I have always enjoyed living in an area where we have four seasons in a year, with those seasons lasting three months each according to the calendar. Sometimes the temperatures from one season may linger over into the next a bit much, and we get frustrated and long for a change. Maybe that's why I'm frustrated with this season in my life--I'm ready for a change. I'm ready to be well.
Several people have described breast cancer treatment to me as just a "major inconvenience" in their lives as they look back on it now from the survivor standpoint. As I am in the midst of it, it is more than an inconvenience in my opinion. It is all-controlling and consuming at times, and right before my chemo treatments, it is particularly overwhelming.
Yes, I am very anxious about my upcoming treatment on Thursday--mainly for the punch that the tiny red bag of Adriamycin will deliver to me. It knocked me off my feet the last time, and I didn't REALLY feel good for about five days. That's a long time. After the five days had passed, I felt good, though, and there was no fatigue like I had with my previous treatments. Woo hoo! Something to look forward to!
Chemo nausea is debilitating, and even throwing up doesn't help. Although they promise to give me additional drugs to help with nausea this time, and I'm well prepared with prescriptions, staying on top of queasiness is not easy. It can hit you when you least expect it, and it's unpredictable as to duration and strength. That's why my purse does double-duty as a pharmaceutical arsenal these days--it's full of anti-nausea meds, Sea Bands and Scop patches.
For the past four months, I've been very careful about being out and around the public during cold and flu season, and I've still caught a cold and had a stomach bug. I'm hoping I miss any of the bigger bugs that are out there, but I'm so ready not to have to worry about things like that. White and red blood counts are so important to not only my health, but they also dictate whether I can get chemo as scheduled, and fortunately, I've been normal or close to normal each time I've had my blood checked.
I'm sad to report that the silky, inch-long hair on my head that has been growing steadily since my head was shaved has just started to fall out again in the past couple of days. I was encouraged that these remnants of hair had lasted through the four rounds of Taxol and up until day 17 or 18 after this 5th round of chemo, but I suppose Cytoxan and Adriamycin had to make their mark on me in more ways than one. Several (well, two) of my guy friends have said they think I've never looked better. One actually called me "hot", and that's a stretch because I've never been hot in my entire life.

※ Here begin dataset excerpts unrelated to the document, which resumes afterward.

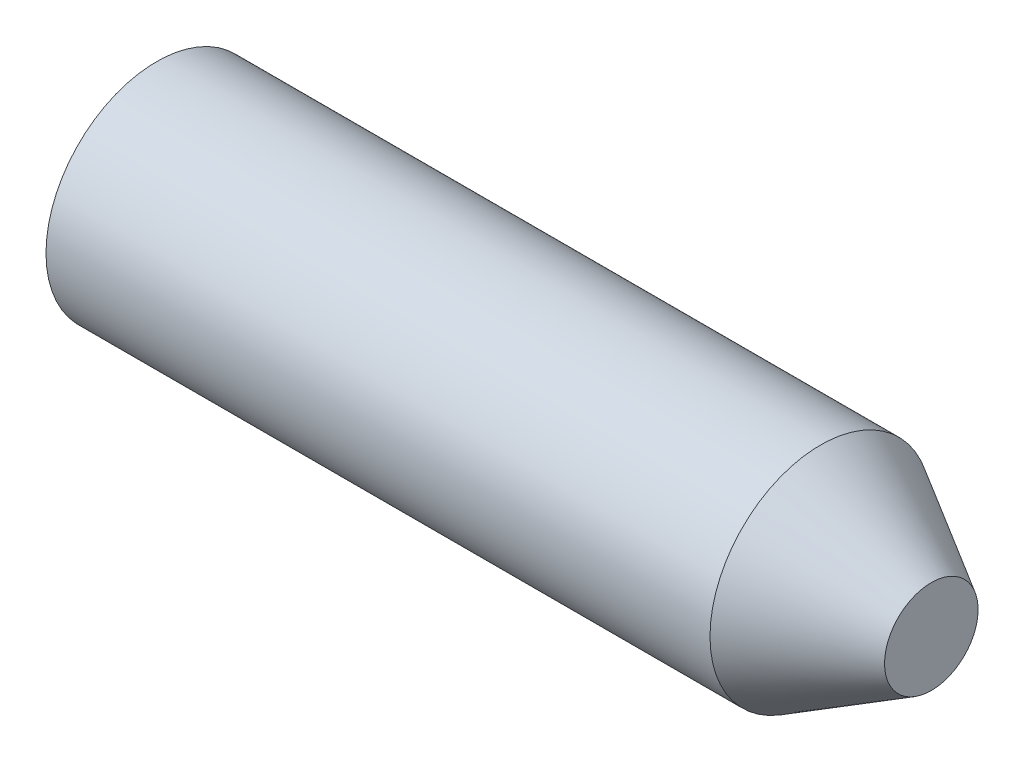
from build123d import *

# Parameters (mm, degrees)
F_16_0_16_DIAMETER_HOLE1_D     = 16
F_16_0_16_DIAMETER_HOLE1_DEPTH = 15
F_16_0_16_DIAMETER_HOLE1_TIP   = 4.806884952
M4_TAPPED_HOLE3_D              = 3.3
M4_TAPPED_HOLE3_DEPTH          = 12.1
M4_TAPPED_HOLE3_TIP            = 0.991420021


with BuildPart() as part:
    # Sketch2 → Revolve1 (revolve)
    with BuildSketch(Plane.XY, mode=Mode.PRIVATE) as revolve1_sk:
        Polygon((0, 10), (70, 10), (70, 14.226497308), (60, 20), (0, 20), align=None)
    revolve(revolve1_sk.sketch.rotate(Axis((0, 10, 0), (1, 0, 0)), 90), axis=Axis((0, 10, 0), (1, 0, 0)))

    # 16.0 _16_ Diameter Hole1
    with Locations(Plane(origin=(0, 10, 0), x_dir=(0, 0, -1), z_dir=(-1, 0, 0))):
        with Locations((0, 0)):
            Hole(F_16_0_16_DIAMETER_HOLE1_D / 2, depth=F_16_0_16_DIAMETER_HOLE1_DEPTH)
            with Locations((0, 0, -(F_16_0_16_DIAMETER_HOLE1_DEPTH + F_16_0_16_DIAMETER_HOLE1_TIP / 2))):  # 118° drill point
                Cone(0, F_16_0_16_DIAMETER_HOLE1_D / 2, F_16_0_16_DIAMETER_HOLE1_TIP, mode=Mode.SUBTRACT)

    # M4 Tapped Hole3
    with Locations(Plane(origin=(30, 0, 0), x_dir=(0, 0, -1), z_dir=(0, -1, 0))):
        with Locations((0, 0)):
            Hole(M4_TAPPED_HOLE3_D / 2, depth=M4_TAPPED_HOLE3_DEPTH)
            with Locations((0, 0, -(M4_TAPPED_HOLE3_DEPTH + M4_TAPPED_HOLE3_TIP / 2))):  # 118° drill point
                Cone(0, M4_TAPPED_HOLE3_D / 2, M4_TAPPED_HOLE3_TIP, mode=Mode.SUBTRACT)


solid = part.part

It's the wig guys, and maybe it's a comment on the hairstyle I wore for more than 20 years, but I won't even have an opportunity to change hairstyles until I have some hair to change in the first place. That may be sometime during 2012 at this rate!
I remember back in August when it was so intensely hot here, and it really was miserable in Arkansas that month. Everyone wanted cooler weather, and it was such a relief when it came. And recently we've had frigidly cold temperatures with more than a little snow and ice, and just about everyone I know is ready for Spring. To add to it, the past few days have been such a blessing with tulips, hyacinths and daffodils peeking through the ground promising us of what they know will come soon.
And although I consider myself one of the lucky ones who is a survivor and I know that my treatment has an end in sight, I'm ready for this season of my life to be completed. I'm weary of the funny little tricks chemo plays on cancer patients. I'm so ready for a change for the better and just for me to be better. A season should know when it's time for a change and when it's over-stayed its welcome.